Input material START

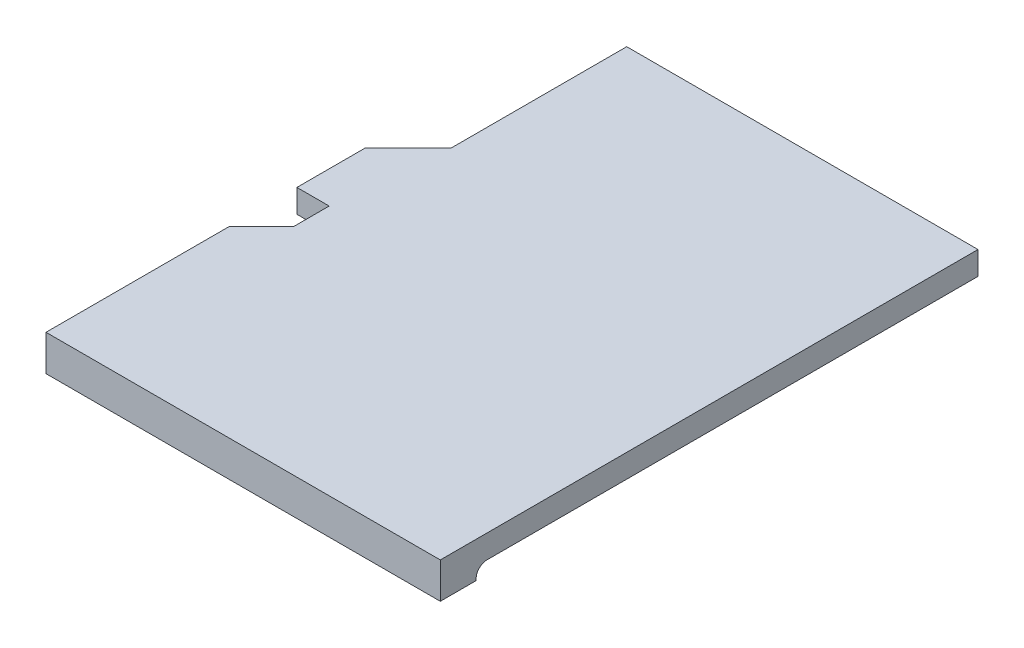
ISO-10303-21;
HEADER;
FILE_DESCRIPTION(('STEP AP214'),'2;1');
FILE_NAME('part.step','',(''),(''),'','','');
FILE_SCHEMA(('AUTOMOTIVE_DESIGN { 1 0 10303 214 1 1 1 1 }'));
ENDSEC;
DATA;
#1=APPLICATION_CONTEXT('core data for automotive mechanical design processes');
#2=APPLICATION_PROTOCOL_DEFINITION('international standard','automotive_design',2000,#1);
#3=PRODUCT_CONTEXT('',#1,'mechanical');
#4=PRODUCT('Part','Part','',(#3));
#5=PRODUCT_RELATED_PRODUCT_CATEGORY('part','',(#4));
#6=PRODUCT_DEFINITION_FORMATION('','',#4);
#7=PRODUCT_DEFINITION_CONTEXT('part definition',#1,'design');
#8=PRODUCT_DEFINITION('design','',#6,#7);
#9=PRODUCT_DEFINITION_SHAPE('','',#8);
#10=(LENGTH_UNIT() NAMED_UNIT(*) SI_UNIT(.MILLI.,.METRE.));
#11=(NAMED_UNIT(*) PLANE_ANGLE_UNIT() SI_UNIT($,.RADIAN.));
#12=(NAMED_UNIT(*) SI_UNIT($,.STERADIAN.) SOLID_ANGLE_UNIT());
#13=UNCERTAINTY_MEASURE_WITH_UNIT(LENGTH_MEASURE(1.E-05),#10,'distance_accuracy_value','');
#14=(GEOMETRIC_REPRESENTATION_CONTEXT(3) GLOBAL_UNCERTAINTY_ASSIGNED_CONTEXT((#13)) GLOBAL_UNIT_ASSIGNED_CONTEXT((#10,
#11,#12)) REPRESENTATION_CONTEXT('',''));
#15=CARTESIAN_POINT('',(0.,0.,0.));
#16=DIRECTION('',(0.,0.,1.));
#17=DIRECTION('',(1.,0.,0.));
#18=AXIS2_PLACEMENT_3D('',#15,#16,#17);
#19=CARTESIAN_POINT('',(0.,0.,36.5));
#20=DIRECTION('',(0.,-1.,0.));
#21=DIRECTION('',(0.,0.,-1.));
#22=AXIS2_PLACEMENT_3D('',#19,#20,#21);
#23=CYLINDRICAL_SURFACE('',#22,30.5);
#24=DIRECTION('',(0.,-1.,0.));
#25=VECTOR('',#24,1.);
#26=CARTESIAN_POINT('',(5.5,0.,6.5));
#27=LINE('',#26,#25);
#28=CARTESIAN_POINT('',(5.5,-0.3,6.5));
#29=VERTEX_POINT('',#28);
#30=CARTESIAN_POINT('',(5.5,-0.35,6.5));
#31=VERTEX_POINT('',#30);
#32=EDGE_CURVE('E118',#29,#31,#27,.T.);
#33=ORIENTED_EDGE('',*,*,#32,.T.);
#34=CARTESIAN_POINT('',(0.,-0.35,36.5));
#35=DIRECTION('',(0.,-1.,0.));
#36=DIRECTION('',(0.,0.,-1.));
#37=AXIS2_PLACEMENT_3D('',#34,#35,#36);
#38=CIRCLE('',#37,30.5);
#39=CARTESIAN_POINT('',(-5.5,-0.35,6.5));
#40=VERTEX_POINT('',#39);
#41=EDGE_CURVE('E138',#40,#31,#38,.T.);
#42=ORIENTED_EDGE('',*,*,#41,.F.);
#43=DIRECTION('',(0.,-1.,0.));
#44=VECTOR('',#43,1.);
#45=CARTESIAN_POINT('',(-5.5,0.,6.5));
#46=LINE('',#45,#44);
#47=CARTESIAN_POINT('',(-5.5,-0.299999999999936,6.5));
#48=VERTEX_POINT('',#47);
#49=EDGE_CURVE('E127',#40,#48,#46,.F.);
#50=ORIENTED_EDGE('',*,*,#49,.T.);
#51=CARTESIAN_POINT('',(0.,-0.300000000000005,36.4999999999999));
#52=DIRECTION('',(0.,1.,0.));
#53=DIRECTION('',(0.,0.,1.));
#54=AXIS2_PLACEMENT_3D('',#51,#52,#53);
#55=CIRCLE('',#54,30.4999999999999);
#56=EDGE_CURVE('E113',#48,#29,#55,.F.);
#57=ORIENTED_EDGE('',*,*,#56,.T.);
#58=EDGE_LOOP('',(#33,#42,#50,#57));
#59=FACE_BOUND('',#58,.T.);
#60=ADVANCED_FACE('F16',(#59),#23,.T.);
#61=CARTESIAN_POINT('',(0.,-0.300000000000007,36.4999999999999));
#62=DIRECTION('',(0.,1.,0.));
#63=DIRECTION('',(0.,0.,1.));
#64=AXIS2_PLACEMENT_3D('',#61,#62,#63);
#65=TOROIDAL_SURFACE('',#64,30.7999999999999,0.300000000000001);
#66=CARTESIAN_POINT('',(0.,0.,36.4999999999999));
#67=DIRECTION('',(0.,-1.,0.));
#68=DIRECTION('',(-0.178571428571428,0.,-0.983926950996851));
#69=AXIS2_PLACEMENT_3D('',#66,#67,#68);
#70=CIRCLE('',#69,30.7999999999999);
#71=CARTESIAN_POINT('',(-5.49999999999999,0.,6.19504990929698));
#72=VERTEX_POINT('',#71);
#73=CARTESIAN_POINT('',(5.5,0.,6.19504990929699));
#74=VERTEX_POINT('',#73);
#75=EDGE_CURVE('E134',#72,#74,#70,.T.);
#76=ORIENTED_EDGE('',*,*,#75,.T.);
#77=CARTESIAN_POINT('',(5.5,-0.3,6.5));
#78=CARTESIAN_POINT('',(5.49999999999996,-0.2833220272923,6.50001549346963));
#79=CARTESIAN_POINT('',(5.49999999999998,-0.266649991355989,6.49858702026892));
#80=CARTESIAN_POINT('',(5.50000000000002,-0.233801123224785,6.49295845943377));
#81=CARTESIAN_POINT('',(5.50000000000004,-0.21762369685712,6.48876184600417));
#82=CARTESIAN_POINT('',(5.49999999999996,-0.186198271619581,6.47771103302167));
#83=CARTESIAN_POINT('',(5.49999999999985,-0.17095057055962,6.47085598704032));
#84=CARTESIAN_POINT('',(5.50000000000015,-0.141812070083495,6.45470279694149));
#85=CARTESIAN_POINT('',(5.50000000000055,-0.127921211183975,6.44540475998965));
#86=CARTESIAN_POINT('',(5.50000000000051,-0.101774813221854,6.42456445317544));
#87=CARTESIAN_POINT('',(5.50000000000006,-0.0895318508629354,6.41300641226746));
#88=CARTESIAN_POINT('',(5.49999999999994,-0.0671233254217907,6.38802611476665));
#89=CARTESIAN_POINT('',(5.50000000000026,-0.0569579996828737,6.37460364548067));
#90=CARTESIAN_POINT('',(5.50000000000031,-0.0388245508854174,6.34605271408475));
#91=CARTESIAN_POINT('',(5.50000000000004,-0.0308934194654272,6.33090078154519));
#92=CARTESIAN_POINT('',(5.49999999999996,-0.0176486358557593,6.2994957466121));
#93=CARTESIAN_POINT('',(5.50000000000014,-0.0123340403630539,6.28324304347134));
#94=CARTESIAN_POINT('',(5.50000000000015,-0.00560463269504171,6.25494252531883));
#95=CARTESIAN_POINT('',(5.50000000000006,-0.00350419527526123,6.24305286728714));
#96=CARTESIAN_POINT('',(5.49999999999994,-0.000701922432729332,6.21912686292336));
#97=CARTESIAN_POINT('',(5.4999999999999,1.8785395189094E-06,6.20709074676156));
#98=CARTESIAN_POINT('',(5.5,0.,6.19504990929699));
#99=B_SPLINE_CURVE_WITH_KNOTS('',3,(#77,#78,#79,#80,#81,#82,#83,#84,#85,#86,#87,#88,#89,#90,#91,
#92,#93,#94,#95,#96,#97,#98),.UNSPECIFIED.,.F.,.F.,(4,2,2,2,2,2,2,2,2,2,4),(0.,
0.0499640333725193,0.0998654774881921,0.14978282297627,0.199697979127058,0.249974761885353,
0.300257284914318,0.351329041840029,0.402382373073721,0.438526066866835,0.474618857831889),.UNSPECIFIED.);
#100=EDGE_CURVE('E121',#29,#74,#99,.T.);
#101=ORIENTED_EDGE('',*,*,#100,.F.);
#102=ORIENTED_EDGE('',*,*,#56,.F.);
#103=CARTESIAN_POINT('',(-5.5,0.,6.19504990929698));
#104=CARTESIAN_POINT('',(-5.49999999999951,1.3359166367053E-05,6.21241243459702));
#105=CARTESIAN_POINT('',(-5.49999999999971,-0.00145847492078227,6.22977221391286));
#106=CARTESIAN_POINT('',(-5.50000000000029,-0.00727537093845298,6.26399834473381));
#107=CARTESIAN_POINT('',(-5.50000000000067,-0.0116195360169983,6.28086484854244));
#108=CARTESIAN_POINT('',(-5.50000000000037,-0.0230876845066247,6.31363832614259));
#109=CARTESIAN_POINT('',(-5.49999999999971,-0.0302134299476659,6.32954468432762));
#110=CARTESIAN_POINT('',(-5.50000000000029,-0.0470507940960684,6.35991909393008));
#111=CARTESIAN_POINT('',(-5.50000000000155,-0.0567616194024485,6.37438758478329));
#112=CARTESIAN_POINT('',(-5.50000000000161,-0.0784294057998133,6.4013604093999));
#113=CARTESIAN_POINT('',(-5.50000000000043,-0.0903696361954466,6.41387817559001));
#114=CARTESIAN_POINT('',(-5.49999999999957,-0.116211132024589,6.43669167210007));
#115=CARTESIAN_POINT('',(-5.49999999999989,-0.130112084961422,6.4469877558478));
#116=CARTESIAN_POINT('',(-5.50000000000012,-0.159253136893745,6.46489826908499));
#117=CARTESIAN_POINT('',(-5.50000000000003,-0.174469702927339,6.47255103554552));
#118=CARTESIAN_POINT('',(-5.49999999999997,-0.205980556919419,6.48514460204624));
#119=CARTESIAN_POINT('',(-5.5,-0.222273944317636,6.49008763690061));
#120=CARTESIAN_POINT('',(-5.50000000000001,-0.248909603235749,6.49572631466867));
#121=CARTESIAN_POINT('',(-5.5,-0.259068674145312,6.49732802223716));
#122=CARTESIAN_POINT('',(-5.5,-0.27948357873713,6.49946458489194));
#123=CARTESIAN_POINT('',(-5.5,-0.289739252276531,6.50000097072089));
#124=CARTESIAN_POINT('',(-5.5,-0.299999999999933,6.5));
#125=B_SPLINE_CURVE_WITH_KNOTS('',3,(#103,#104,#105,#106,#107,#108,#109,#110,#111,#112,#113,
#114,#115,#116,#117,#118,#119,#120,#121,#122,#123,#124),.UNSPECIFIED.,.F.,.F.,(4,2,2,2,2,2,2,2,
2,2,4),(0.,0.0520216922137013,0.104027148924237,0.156065602799876,0.208088103646515,
0.259734841042157,0.31137335634877,0.362227955165807,0.413040549003683,0.443843165959391,
0.474601491046888),.UNSPECIFIED.);
#126=EDGE_CURVE('E137',#72,#48,#125,.T.);
#127=ORIENTED_EDGE('',*,*,#126,.F.);
#128=EDGE_LOOP('',(#76,#101,#102,#127));
#129=FACE_BOUND('',#128,.T.);
#130=ADVANCED_FACE('F132',(#129),#65,.F.);
#131=CARTESIAN_POINT('',(0.,-0.35,6.93372741582503));
#132=DIRECTION('',(0.,-1.,0.));
#133=DIRECTION('',(0.,0.,-1.));
#134=AXIS2_PLACEMENT_3D('',#131,#132,#133);
#135=PLANE('',#134);
#136=DIRECTION('',(0.,0.,-1.));
#137=VECTOR('',#136,1.);
#138=CARTESIAN_POINT('',(5.5,-0.35,6.93372741582503));
#139=LINE('',#138,#137);
#140=CARTESIAN_POINT('',(5.5,-0.35,7.5));
#141=VERTEX_POINT('',#140);
#142=EDGE_CURVE('E124',#31,#141,#139,.F.);
#143=ORIENTED_EDGE('',*,*,#142,.T.);
#144=DIRECTION('',(1.,0.,0.));
#145=VECTOR('',#144,1.);
#146=CARTESIAN_POINT('',(-5.5,-0.35,7.5));
#147=LINE('',#146,#145);
#148=CARTESIAN_POINT('',(-5.5,-0.35,7.5));
#149=VERTEX_POINT('',#148);
#150=EDGE_CURVE('E228',#149,#141,#147,.T.);
#151=ORIENTED_EDGE('',*,*,#150,.F.);
#152=DIRECTION('',(0.,0.,1.));
#153=VECTOR('',#152,1.);
#154=CARTESIAN_POINT('',(-5.5,-0.35,2.4));
#155=LINE('',#154,#153);
#156=EDGE_CURVE('E204',#40,#149,#155,.T.);
#157=ORIENTED_EDGE('',*,*,#156,.F.);
#158=ORIENTED_EDGE('',*,*,#41,.T.);
#159=EDGE_LOOP('',(#143,#151,#157,#158));
#160=FACE_BOUND('',#159,.T.);
#161=ADVANCED_FACE('F172',(#160),#135,.T.);
#162=CARTESIAN_POINT('',(0.0936244587815548,0.,0.17467868973583));
#163=DIRECTION('',(0.,1.,0.));
#164=DIRECTION('',(0.,0.,1.));
#165=AXIS2_PLACEMENT_3D('',#162,#163,#164);
#166=PLANE('',#165);
#167=DIRECTION('',(0.,0.,1.));
#168=VECTOR('',#167,1.);
#169=CARTESIAN_POINT('',(-4.6,0.,0.5));
#170=LINE('',#169,#168);
#171=CARTESIAN_POINT('',(-4.6,0.,0.5));
#172=VERTEX_POINT('',#171);
#173=CARTESIAN_POINT('',(-4.6,0.,1.5));
#174=VERTEX_POINT('',#173);
#175=EDGE_CURVE('E239',#172,#174,#170,.T.);
#176=ORIENTED_EDGE('',*,*,#175,.F.);
#177=DIRECTION('',(1.,0.,0.));
#178=VECTOR('',#177,1.);
#179=CARTESIAN_POINT('',(-5.5,0.,0.5));
#180=LINE('',#179,#178);
#181=CARTESIAN_POINT('',(-5.5,0.,0.5));
#182=VERTEX_POINT('',#181);
#183=EDGE_CURVE('E242',#182,#172,#180,.T.);
#184=ORIENTED_EDGE('',*,*,#183,.F.);
#185=DIRECTION('',(0.,0.,1.));
#186=VECTOR('',#185,1.);
#187=CARTESIAN_POINT('',(-5.5,0.,-1.4));
#188=LINE('',#187,#186);
#189=CARTESIAN_POINT('',(-5.5,0.,-1.4));
#190=VERTEX_POINT('',#189);
#191=EDGE_CURVE('E260',#190,#182,#188,.T.);
#192=ORIENTED_EDGE('',*,*,#191,.F.);
#193=DIRECTION('',(-0.707106781186548,0.,0.707106781186547));
#194=VECTOR('',#193,1.);
#195=CARTESIAN_POINT('',(-4.3,0.,-2.6));
#196=LINE('',#195,#194);
#197=CARTESIAN_POINT('',(-4.3,0.,-2.6));
#198=VERTEX_POINT('',#197);
#199=EDGE_CURVE('E298',#198,#190,#196,.T.);
#200=ORIENTED_EDGE('',*,*,#199,.F.);
#201=DIRECTION('',(0.,0.,1.));
#202=VECTOR('',#201,1.);
#203=CARTESIAN_POINT('',(-4.3,0.,-7.5));
#204=LINE('',#203,#202);
#205=CARTESIAN_POINT('',(-4.3,0.,-7.5));
#206=VERTEX_POINT('',#205);
#207=EDGE_CURVE('E194',#206,#198,#204,.T.);
#208=ORIENTED_EDGE('',*,*,#207,.F.);
#209=DIRECTION('',(-1.,0.,0.));
#210=VECTOR('',#209,1.);
#211=CARTESIAN_POINT('',(5.5,0.,-7.5));
#212=LINE('',#211,#210);
#213=CARTESIAN_POINT('',(5.5,0.,-7.5));
#214=VERTEX_POINT('',#213);
#215=EDGE_CURVE('E180',#214,#206,#212,.T.);
#216=ORIENTED_EDGE('',*,*,#215,.F.);
#217=DIRECTION('',(0.,0.,-1.));
#218=VECTOR('',#217,1.);
#219=CARTESIAN_POINT('',(5.5,0.,7.5));
#220=LINE('',#219,#218);
#221=EDGE_CURVE('E189',#74,#214,#220,.T.);
#222=ORIENTED_EDGE('',*,*,#221,.F.);
#223=ORIENTED_EDGE('',*,*,#75,.F.);
#224=DIRECTION('',(0.,0.,1.));
#225=VECTOR('',#224,1.);
#226=CARTESIAN_POINT('',(-5.5,0.,2.4));
#227=LINE('',#226,#225);
#228=CARTESIAN_POINT('',(-5.5,0.,2.4));
#229=VERTEX_POINT('',#228);
#230=EDGE_CURVE('E203',#229,#72,#227,.T.);
#231=ORIENTED_EDGE('',*,*,#230,.F.);
#232=DIRECTION('',(-0.707106781186547,0.,0.707106781186548));
#233=VECTOR('',#232,1.);
#234=CARTESIAN_POINT('',(-4.6,0.,1.5));
#235=LINE('',#234,#233);
#236=EDGE_CURVE('E207',#174,#229,#235,.T.);
#237=ORIENTED_EDGE('',*,*,#236,.F.);
#238=EDGE_LOOP('',(#176,#184,#192,#200,#208,#216,#222,#223,#231,#237));
#239=FACE_BOUND('',#238,.T.);
#240=ADVANCED_FACE('F168',(#239),#166,.F.);
#241=CARTESIAN_POINT('',(-5.5,0.,0.5));
#242=DIRECTION('',(0.,0.,1.));
#243=DIRECTION('',(1.,0.,0.));
#244=AXIS2_PLACEMENT_3D('',#241,#242,#243);
#245=PLANE('',#244);
#246=DIRECTION('',(1.,0.,0.));
#247=VECTOR('',#246,1.);
#248=CARTESIAN_POINT('',(0.0936244587815549,0.65,0.5));
#249=LINE('',#248,#247);
#250=CARTESIAN_POINT('',(-5.5,0.65,0.5));
#251=VERTEX_POINT('',#250);
#252=CARTESIAN_POINT('',(-4.6,0.65,0.5));
#253=VERTEX_POINT('',#252);
#254=EDGE_CURVE('E303',#251,#253,#249,.T.);
#255=ORIENTED_EDGE('',*,*,#254,.F.);
#256=DIRECTION('',(0.,1.,0.));
#257=VECTOR('',#256,1.);
#258=CARTESIAN_POINT('',(-5.5,0.,0.5));
#259=LINE('',#258,#257);
#260=EDGE_CURVE('E257',#182,#251,#259,.T.);
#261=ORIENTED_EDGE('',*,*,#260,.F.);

Input material END

## Exercise prompt
Starting at the line that has "#147=LINE('',#146,#145);" and ending at the line that has "#191=EDGE_CURVE('E260',#190,#182,#188,.T.);", please write out the lines above exactly, leaving out all others.

## Final answer
#147=LINE('',#146,#145);
#148=CARTESIAN_POINT('',(-5.5,-0.35,7.5));
#149=VERTEX_POINT('',#148);
#150=EDGE_CURVE('E228',#149,#141,#147,.T.);
#151=ORIENTED_EDGE('',*,*,#150,.F.);
#152=DIRECTION('',(0.,0.,1.));
#153=VECTOR('',#152,1.);
#154=CARTESIAN_POINT('',(-5.5,-0.35,2.4));
#155=LINE('',#154,#153);
#156=EDGE_CURVE('E204',#40,#149,#155,.T.);
#157=ORIENTED_EDGE('',*,*,#156,.F.);
#158=ORIENTED_EDGE('',*,*,#41,.T.);
#159=EDGE_LOOP('',(#143,#151,#157,#158));
#160=FACE_BOUND('',#159,.T.);
#161=ADVANCED_FACE('F172',(#160),#135,.T.);
#162=CARTESIAN_POINT('',(0.0936244587815548,0.,0.17467868973583));
#163=DIRECTION('',(0.,1.,0.));
#164=DIRECTION('',(0.,0.,1.));
#165=AXIS2_PLACEMENT_3D('',#162,#163,#164);
#166=PLANE('',#165);
#167=DIRECTION('',(0.,0.,1.));
#168=VECTOR('',#167,1.);
#169=CARTESIAN_POINT('',(-4.6,0.,0.5));
#170=LINE('',#169,#168);
#171=CARTESIAN_POINT('',(-4.6,0.,0.5));
#172=VERTEX_POINT('',#171);
#173=CARTESIAN_POINT('',(-4.6,0.,1.5));
#174=VERTEX_POINT('',#173);
#175=EDGE_CURVE('E239',#172,#174,#170,.T.);
#176=ORIENTED_EDGE('',*,*,#175,.F.);
#177=DIRECTION('',(1.,0.,0.));
#178=VECTOR('',#177,1.);
#179=CARTESIAN_POINT('',(-5.5,0.,0.5));
#180=LINE('',#179,#178);
#181=CARTESIAN_POINT('',(-5.5,0.,0.5));
#182=VERTEX_POINT('',#181);
#183=EDGE_CURVE('E242',#182,#172,#180,.T.);
#184=ORIENTED_EDGE('',*,*,#183,.F.);
#185=DIRECTION('',(0.,0.,1.));
#186=VECTOR('',#185,1.);
#187=CARTESIAN_POINT('',(-5.5,0.,-1.4));
#188=LINE('',#187,#186);
#189=CARTESIAN_POINT('',(-5.5,0.,-1.4));
#190=VERTEX_POINT('',#189);
#191=EDGE_CURVE('E260',#190,#182,#188,.T.);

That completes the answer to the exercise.